Vom ersten Horoskop zum Kultformat

Alles begann 1991, in einer Zeit ohne Social Media, als Bryan Adams die Charts dominierte und Madonna die Mode vorgab. Damals ging Rogers erstmals on Air und wurde schnell zur vertrauten Stimme für Liebesfragen, Job-Sorgen und Lebensentscheidungen.

Seither ist viel passiert. Rund 1.800 Sonntage stand sie im Studio, hat Aszendenten gedeutet und Glücksmomente vorhergesagt. Generationen von Moderatoren begleiteten sie. Den Anfang machte Oliver Baier. Ihm folgte Gerald Votava, danach nahm Peter L. Eppinger neben Rogers im Studio Platz. Abgelöst wurde er von Thomas Kamenar dem letztendlich die erste Frau folgte: Sylvia Graf, die nach wie vor an der Seite der Astrologin steht.

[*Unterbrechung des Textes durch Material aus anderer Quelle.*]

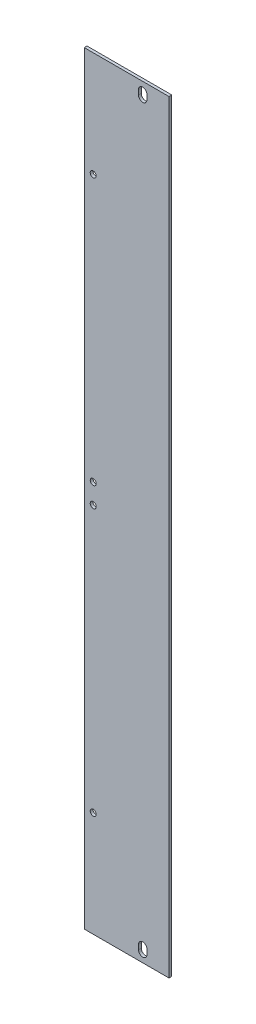
ISO-10303-21;
HEADER;
FILE_DESCRIPTION(('STEP AP214'),'2;1');
FILE_NAME('part.step','',(''),(''),'','','');
FILE_SCHEMA(('AUTOMOTIVE_DESIGN { 1 0 10303 214 1 1 1 1 }'));
ENDSEC;
DATA;
#1=APPLICATION_CONTEXT('core data for automotive mechanical design processes');
#2=APPLICATION_PROTOCOL_DEFINITION('international standard','automotive_design',2000,#1);
#3=PRODUCT_CONTEXT('',#1,'mechanical');
#4=PRODUCT('Part','Part','',(#3));
#5=PRODUCT_RELATED_PRODUCT_CATEGORY('part','',(#4));
#6=PRODUCT_DEFINITION_FORMATION('','',#4);
#7=PRODUCT_DEFINITION_CONTEXT('part definition',#1,'design');
#8=PRODUCT_DEFINITION('design','',#6,#7);
#9=PRODUCT_DEFINITION_SHAPE('','',#8);
#10=(LENGTH_UNIT() NAMED_UNIT(*) SI_UNIT(.MILLI.,.METRE.));
#11=(NAMED_UNIT(*) PLANE_ANGLE_UNIT() SI_UNIT($,.RADIAN.));
#12=(NAMED_UNIT(*) SI_UNIT($,.STERADIAN.) SOLID_ANGLE_UNIT());
#13=UNCERTAINTY_MEASURE_WITH_UNIT(LENGTH_MEASURE(1.E-05),#10,'distance_accuracy_value','');
#14=(GEOMETRIC_REPRESENTATION_CONTEXT(3) GLOBAL_UNCERTAINTY_ASSIGNED_CONTEXT((#13)) GLOBAL_UNIT_ASSIGNED_CONTEXT((#10,
#11,#12)) REPRESENTATION_CONTEXT('',''));
#15=CARTESIAN_POINT('',(0.,0.,0.));
#16=DIRECTION('',(0.,0.,1.));
#17=DIRECTION('',(1.,0.,0.));
#18=AXIS2_PLACEMENT_3D('',#15,#16,#17);
#19=CARTESIAN_POINT('',(35.1103295335567,368.3,-2.66699999999995));
#20=DIRECTION('',(0.,1.,0.));
#21=DIRECTION('',(1.,0.,0.));
#22=AXIS2_PLACEMENT_3D('',#19,#20,#21);
#23=PLANE('',#22);
#24=DIRECTION('',(-1.,0.,0.));
#25=VECTOR('',#24,1.);
#26=CARTESIAN_POINT('',(35.1103295335567,368.3,-2.66699999999995));
#27=LINE('',#26,#25);
#28=CARTESIAN_POINT('',(45.1433295335567,368.3,-2.66700000000002));
#29=VERTEX_POINT('',#28);
#30=CARTESIAN_POINT('',(-36.576,368.3,-2.667));
#31=VERTEX_POINT('',#30);
#32=EDGE_CURVE('E108',#29,#31,#27,.T.);
#33=ORIENTED_EDGE('',*,*,#32,.T.);
#34=DIRECTION('',(0.,0.,1.));
#35=VECTOR('',#34,1.);
#36=CARTESIAN_POINT('',(-36.576,368.3,-2.667));
#37=LINE('',#36,#35);
#38=CARTESIAN_POINT('',(-36.576,368.3,0.));
#39=VERTEX_POINT('',#38);
#40=EDGE_CURVE('E176',#31,#39,#37,.T.);
#41=ORIENTED_EDGE('',*,*,#40,.T.);
#42=DIRECTION('',(1.,0.,0.));
#43=VECTOR('',#42,1.);
#44=CARTESIAN_POINT('',(35.1103295335566,368.3,0.));
#45=LINE('',#44,#43);
#46=CARTESIAN_POINT('',(45.1433295335567,368.3,0.));
#47=VERTEX_POINT('',#46);
#48=EDGE_CURVE('E187',#47,#39,#45,.F.);
#49=ORIENTED_EDGE('',*,*,#48,.F.);
#50=DIRECTION('',(0.,0.,1.));
#51=VECTOR('',#50,1.);
#52=CARTESIAN_POINT('',(45.1433295335567,368.3,-2.66700000000002));
#53=LINE('',#52,#51);
#54=EDGE_CURVE('E13',#29,#47,#53,.T.);
#55=ORIENTED_EDGE('',*,*,#54,.F.);
#56=EDGE_LOOP('',(#33,#41,#49,#55));
#57=FACE_BOUND('',#56,.T.);
#58=ADVANCED_FACE('F69',(#57),#23,.T.);
#59=CARTESIAN_POINT('',(45.1433295335568,-368.3,-2.66700000000007));
#60=DIRECTION('',(0.,-1.,0.));
#61=DIRECTION('',(-1.,0.,0.));
#62=AXIS2_PLACEMENT_3D('',#59,#60,#61);
#63=PLANE('',#62);
#64=DIRECTION('',(-1.,0.,0.));
#65=VECTOR('',#64,1.);
#66=CARTESIAN_POINT('',(35.1103295335566,-368.3,0.));
#67=LINE('',#66,#65);
#68=CARTESIAN_POINT('',(-36.576,-368.3,0.));
#69=VERTEX_POINT('',#68);
#70=CARTESIAN_POINT('',(45.1433295335568,-368.3,0.));
#71=VERTEX_POINT('',#70);
#72=EDGE_CURVE('E73',#69,#71,#67,.F.);
#73=ORIENTED_EDGE('',*,*,#72,.F.);
#74=DIRECTION('',(0.,0.,1.));
#75=VECTOR('',#74,1.);
#76=CARTESIAN_POINT('',(-36.576,-368.3,-2.667));
#77=LINE('',#76,#75);
#78=CARTESIAN_POINT('',(-36.576,-368.3,-2.667));
#79=VERTEX_POINT('',#78);
#80=EDGE_CURVE('E171',#79,#69,#77,.T.);
#81=ORIENTED_EDGE('',*,*,#80,.F.);
#82=DIRECTION('',(1.,0.,0.));
#83=VECTOR('',#82,1.);
#84=CARTESIAN_POINT('',(45.1433295335568,-368.3,-2.66700000000007));
#85=LINE('',#84,#83);
#86=CARTESIAN_POINT('',(45.1433295335568,-368.3,-2.66700000000007));
#87=VERTEX_POINT('',#86);
#88=EDGE_CURVE('E320',#79,#87,#85,.T.);
#89=ORIENTED_EDGE('',*,*,#88,.T.);
#90=DIRECTION('',(0.,0.,1.));
#91=VECTOR('',#90,1.);
#92=CARTESIAN_POINT('',(45.1433295335568,-368.3,-2.66700000000007));
#93=LINE('',#92,#91);
#94=EDGE_CURVE('E80',#87,#71,#93,.T.);
#95=ORIENTED_EDGE('',*,*,#94,.T.);
#96=EDGE_LOOP('',(#73,#81,#89,#95));
#97=FACE_BOUND('',#96,.T.);
#98=ADVANCED_FACE('F170',(#97),#63,.T.);
#99=CARTESIAN_POINT('',(35.1103295335566,0.,-2.66699999999997));
#100=DIRECTION('',(0.,0.,-1.));
#101=DIRECTION('',(-1.,0.,0.));
#102=AXIS2_PLACEMENT_3D('',#99,#100,#101);
#103=PLANE('',#102);
#104=ORIENTED_EDGE('',*,*,#88,.F.);
#105=DIRECTION('',(0.,-1.,0.));
#106=VECTOR('',#105,1.);
#107=CARTESIAN_POINT('',(-36.576,-368.3,-2.667));
#108=LINE('',#107,#106);
#109=EDGE_CURVE('E182',#31,#79,#108,.T.);
#110=ORIENTED_EDGE('',*,*,#109,.F.);
#111=ORIENTED_EDGE('',*,*,#32,.F.);
#112=DIRECTION('',(0.,1.,0.));
#113=VECTOR('',#112,1.);
#114=CARTESIAN_POINT('',(45.1433295335567,368.3,-2.66700000000002));
#115=LINE('',#114,#113);
#116=EDGE_CURVE('E317',#87,#29,#115,.T.);
#117=ORIENTED_EDGE('',*,*,#116,.F.);
#118=EDGE_LOOP('',(#104,#110,#111,#117));
#119=FACE_BOUND('',#118,.T.);
#120=CARTESIAN_POINT('',(19.812,359.41,-2.66700000000002));
#121=DIRECTION('',(0.,0.,1.));
#122=DIRECTION('',(1.,0.,0.));
#123=AXIS2_PLACEMENT_3D('',#120,#121,#122);
#124=CIRCLE('',#123,4.064);
#125=CARTESIAN_POINT('',(23.876,359.41,-2.66700000000002));
#126=VERTEX_POINT('',#125);
#127=CARTESIAN_POINT('',(15.748,359.41,-2.66700000000002));
#128=VERTEX_POINT('',#127);
#129=EDGE_CURVE('E238',#126,#128,#124,.T.);
#130=ORIENTED_EDGE('',*,*,#129,.T.);
#131=DIRECTION('',(0.,-1.,0.));
#132=VECTOR('',#131,1.);
#133=CARTESIAN_POINT('',(15.748,359.41,-2.66700000000002));
#134=LINE('',#133,#132);
#135=CARTESIAN_POINT('',(15.748,354.838,-2.667));
#136=VERTEX_POINT('',#135);
#137=EDGE_CURVE('E234',#128,#136,#134,.T.);
#138=ORIENTED_EDGE('',*,*,#137,.T.);
#139=CARTESIAN_POINT('',(19.812,354.838,-2.66700000000002));
#140=DIRECTION('',(0.,0.,1.));
#141=DIRECTION('',(1.,0.,0.));
#142=AXIS2_PLACEMENT_3D('',#139,#140,#141);
#143=CIRCLE('',#142,4.064);
#144=CARTESIAN_POINT('',(23.876,354.838,-2.66700000000002));
#145=VERTEX_POINT('',#144);
#146=EDGE_CURVE('E230',#136,#145,#143,.T.);
#147=ORIENTED_EDGE('',*,*,#146,.T.);
#148=DIRECTION('',(0.,1.,0.));
#149=VECTOR('',#148,1.);
#150=CARTESIAN_POINT('',(23.876,359.41,-2.66700000000002));
#151=LINE('',#150,#149);
#152=EDGE_CURVE('E226',#145,#126,#151,.T.);
#153=ORIENTED_EDGE('',*,*,#152,.T.);
#154=EDGE_LOOP('',(#130,#138,#147,#153));
#155=FACE_BOUND('',#154,.T.);
#156=CARTESIAN_POINT('',(-27.94,266.7,-2.66700000000002));
#157=DIRECTION('',(0.,0.,1.));
#158=DIRECTION('',(1.,0.,0.));
#159=AXIS2_PLACEMENT_3D('',#156,#157,#158);
#160=CIRCLE('',#159,2.8956);
#161=CARTESIAN_POINT('',(-25.0444,266.7,-2.66700000000002));
#162=VERTEX_POINT('',#161);
#163=EDGE_CURVE('E222',#162,#162,#160,.T.);
#164=ORIENTED_EDGE('',*,*,#163,.T.);
#165=EDGE_LOOP('',(#164));
#166=FACE_BOUND('',#165,.T.);
#167=CARTESIAN_POINT('',(-27.94,9.65199999999999,-2.66700000000002));
#168=DIRECTION('',(0.,0.,1.));
#169=DIRECTION('',(1.,0.,0.));
#170=AXIS2_PLACEMENT_3D('',#167,#168,#169);
#171=CIRCLE('',#170,2.8956);
#172=CARTESIAN_POINT('',(-25.0444,9.65199999999999,-2.66700000000002));
#173=VERTEX_POINT('',#172);
#174=EDGE_CURVE('E218',#173,#173,#171,.T.);
#175=ORIENTED_EDGE('',*,*,#174,.T.);
#176=EDGE_LOOP('',(#175));
#177=FACE_BOUND('',#176,.T.);
#178=CARTESIAN_POINT('',(-27.94,-9.6520000000001,-2.66700000000002));
#179=DIRECTION('',(0.,0.,1.));
#180=DIRECTION('',(1.,0.,0.));
#181=AXIS2_PLACEMENT_3D('',#178,#179,#180);
#182=CIRCLE('',#181,2.8956);
#183=CARTESIAN_POINT('',(-25.0444,-9.6520000000001,-2.66700000000002));
#184=VERTEX_POINT('',#183);
#185=EDGE_CURVE('E214',#184,#184,#182,.T.);
#186=ORIENTED_EDGE('',*,*,#185,.T.);
#187=EDGE_LOOP('',(#186));
#188=FACE_BOUND('',#187,.T.);
#189=CARTESIAN_POINT('',(-27.94,-266.7,-2.66700000000002));
#190=DIRECTION('',(0.,0.,1.));
#191=DIRECTION('',(1.,0.,0.));
#192=AXIS2_PLACEMENT_3D('',#189,#190,#191);
#193=CIRCLE('',#192,2.8956);
#194=CARTESIAN_POINT('',(-25.0444,-266.7,-2.66700000000002));
#195=VERTEX_POINT('',#194);
#196=EDGE_CURVE('E210',#195,#195,#193,.T.);
#197=ORIENTED_EDGE('',*,*,#196,.T.);
#198=EDGE_LOOP('',(#197));
#199=FACE_BOUND('',#198,.T.);
#200=CARTESIAN_POINT('',(19.812,-359.41,-2.66700000000002));
#201=DIRECTION('',(0.,0.,1.));
#202=DIRECTION('',(1.,0.,0.));
#203=AXIS2_PLACEMENT_3D('',#200,#201,#202);
#204=CIRCLE('',#203,4.064);
#205=CARTESIAN_POINT('',(15.748,-359.41,-2.66700000000002));
#206=VERTEX_POINT('',#205);
#207=CARTESIAN_POINT('',(23.876,-359.41,-2.66700000000002));
#208=VERTEX_POINT('',#207);
#209=EDGE_CURVE('E206',#206,#208,#204,.T.);
#210=ORIENTED_EDGE('',*,*,#209,.T.);
#211=DIRECTION('',(0.,1.,0.));
#212=VECTOR('',#211,1.);
#213=CARTESIAN_POINT('',(23.876,-359.41,-2.66700000000002));
#214=LINE('',#213,#212);
#215=CARTESIAN_POINT('',(23.876,-354.838,-2.667));
#216=VERTEX_POINT('',#215);
#217=EDGE_CURVE('E202',#208,#216,#214,.T.);
#218=ORIENTED_EDGE('',*,*,#217,.T.);
#219=CARTESIAN_POINT('',(19.812,-354.838,-2.66700000000002));
#220=DIRECTION('',(0.,0.,1.));
#221=DIRECTION('',(1.,0.,0.));
#222=AXIS2_PLACEMENT_3D('',#219,#220,#221);
#223=CIRCLE('',#222,4.064);
#224=CARTESIAN_POINT('',(15.748,-354.838,-2.66700000000002));
#225=VERTEX_POINT('',#224);
#226=EDGE_CURVE('E196',#216,#225,#223,.T.);
#227=ORIENTED_EDGE('',*,*,#226,.T.);
#228=DIRECTION('',(0.,-1.,0.));
#229=VECTOR('',#228,1.);
#230=CARTESIAN_POINT('',(15.748,-359.41,-2.66700000000002));
#231=LINE('',#230,#229);
#232=EDGE_CURVE('E189',#225,#206,#231,.T.);
#233=ORIENTED_EDGE('',*,*,#232,.T.);
#234=EDGE_LOOP('',(#210,#218,#227,#233));
#235=FACE_BOUND('',#234,.T.);
#236=ADVANCED_FACE('F327',(#119,#155,#166,#177,#188,#199,#235),#103,.T.);
#237=CARTESIAN_POINT('',(0.,0.,0.));
#238=DIRECTION('',(0.,0.,-1.));
#239=DIRECTION('',(-1.,0.,0.));
#240=AXIS2_PLACEMENT_3D('',#237,#238,#239);
#241=PLANE('',#240);
#242=ORIENTED_EDGE('',*,*,#48,.T.);
#243=DIRECTION('',(0.,-1.,0.));
#244=VECTOR('',#243,1.);
#245=CARTESIAN_POINT('',(-36.576,-368.3,0.));
#246=LINE('',#245,#244);
#247=EDGE_CURVE('E180',#39,#69,#246,.T.);
#248=ORIENTED_EDGE('',*,*,#247,.T.);
#249=ORIENTED_EDGE('',*,*,#72,.T.);
#250=DIRECTION('',(0.,-1.,0.));
#251=VECTOR('',#250,1.);
#252=CARTESIAN_POINT('',(45.1433295335567,0.,0.));
#253=LINE('',#252,#251);
#254=EDGE_CURVE('E175',#71,#47,#253,.F.);
#255=ORIENTED_EDGE('',*,*,#254,.T.);
#256=EDGE_LOOP('',(#242,#248,#249,#255));
#257=FACE_BOUND('',#256,.T.);
#258=DIRECTION('',(0.,-1.,0.));
#259=VECTOR('',#258,1.);
#260=CARTESIAN_POINT('',(15.748,359.41,0.));
#261=LINE('',#260,#259);
#262=CARTESIAN_POINT('',(15.748,359.41,0.));
#263=VERTEX_POINT('',#262);
#264=CARTESIAN_POINT('',(15.748,354.838,0.));
#265=VERTEX_POINT('',#264);
#266=EDGE_CURVE('E252',#263,#265,#261,.T.);
#267=ORIENTED_EDGE('',*,*,#266,.F.);
#268=CARTESIAN_POINT('',(19.812,359.41,0.));
#269=DIRECTION('',(0.,0.,1.));
#270=DIRECTION('',(1.,0.,0.));
#271=AXIS2_PLACEMENT_3D('',#268,#269,#270);
#272=CIRCLE('',#271,4.064);
#273=CARTESIAN_POINT('',(23.876,359.41,0.));
#274=VERTEX_POINT('',#273);
#275=EDGE_CURVE('E245',#274,#263,#272,.T.);
#276=ORIENTED_EDGE('',*,*,#275,.F.);
#277=DIRECTION('',(0.,1.,0.));
#278=VECTOR('',#277,1.);
#279=CARTESIAN_POINT('',(23.876,359.41,0.));
#280=LINE('',#279,#278);
#281=CARTESIAN_POINT('',(23.876,354.838,0.));
#282=VERTEX_POINT('',#281);
#283=EDGE_CURVE('E266',#282,#274,#280,.T.);
#284=ORIENTED_EDGE('',*,*,#283,.F.);
#285=CARTESIAN_POINT('',(19.812,354.838,0.));
#286=DIRECTION('',(0.,0.,1.));
#287=DIRECTION('',(1.,0.,0.));
#288=AXIS2_PLACEMENT_3D('',#285,#286,#287);
#289=CIRCLE('',#288,4.064);
#290=EDGE_CURVE('E259',#265,#282,#289,.T.);
#291=ORIENTED_EDGE('',*,*,#290,.F.);
#292=EDGE_LOOP('',(#267,#276,#284,#291));
#293=FACE_BOUND('',#292,.T.);
#294=CARTESIAN_POINT('',(-27.94,266.7,0.));
#295=DIRECTION('',(0.,0.,1.));
#296=DIRECTION('',(1.,0.,0.));
#297=AXIS2_PLACEMENT_3D('',#294,#295,#296);
#298=CIRCLE('',#297,2.8956);
#299=CARTESIAN_POINT('',(-25.0444,266.7,0.));
#300=VERTEX_POINT('',#299);
#301=EDGE_CURVE('E270',#300,#300,#298,.T.);
#302=ORIENTED_EDGE('',*,*,#301,.F.);
#303=EDGE_LOOP('',(#302));
#304=FACE_BOUND('',#303,.T.);
#305=CARTESIAN_POINT('',(-27.94,9.65199999999999,0.));
#306=DIRECTION('',(0.,0.,1.));
#307=DIRECTION('',(1.,0.,0.));
#308=AXIS2_PLACEMENT_3D('',#305,#306,#307);
#309=CIRCLE('',#308,2.8956);
#310=CARTESIAN_POINT('',(-25.0444,9.65199999999999,0.));
#311=VERTEX_POINT('',#310);
#312=EDGE_CURVE('E274',#311,#311,#309,.T.);
#313=ORIENTED_EDGE('',*,*,#312,.F.);
#314=EDGE_LOOP('',(#313));
#315=FACE_BOUND('',#314,.T.);
#316=CARTESIAN_POINT('',(-27.94,-9.6520000000001,0.));
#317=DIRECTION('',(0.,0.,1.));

„Die 'Sternstunden' haben mein Leben verändert“
Gerda RogersStar-Astrologin

Dass aus den Sternstunden einmal so eine Erfolgsgeschichte wird, hätte wohl selbst sie nicht vorhergesehen. "Ich kann mich noch sehr gut an meine allererste Sendung mit Oliver Baier erinnern und gar nicht glauben, dass sie schon 35 Jahre her sein soll", so Rogers.

Und schwelgt in Erinnerungen: "Seither bin ich unglaubliche 1.800 Sonntage on Air gewesen. Die Ö3-'Sternstunden' haben mein Leben nicht nur verändert, sie sind auch ein wesentlicher Bestandteil davon geworden."

Dankbar zeigt sie sich auch für ihr Umfeld, ihre Kollegen. "An dieser Stelle möchte mich beim gesamten Ö3-Team, meinen Moderatoren und natürlich auch bei den tausenden Anrufern bedanken. Teamwork makes the dream work."

Ein Leben für die Sterne

Was viele nicht wissen, für ihre Show stellt Rogers alles zurück. "Ich habe noch nie eine Sendung verpasst", betont sie im Gespräch mit "Heute". Selbst Urlaube werden rund um die "Sternstunden" geplant, länger als eine Woche war sie nie weg. Auch Krankheit konnte sie nie stoppen – sogar während Corona blieb die Sendung durchgehend zu hören.

Ein Ende? Für sie aktuell kein Thema. "Ich möchte wirklich bis zuletzt arbeiten. Die Sternstunden erfüllen mich sehr", grinst sie zufrieden und bescheiden. Denn, eines ist ihr auch nach all den Jahren nicht wirklich bewusst: Dass sie zu den bekanntesten Menschen im ganzen Land zählt!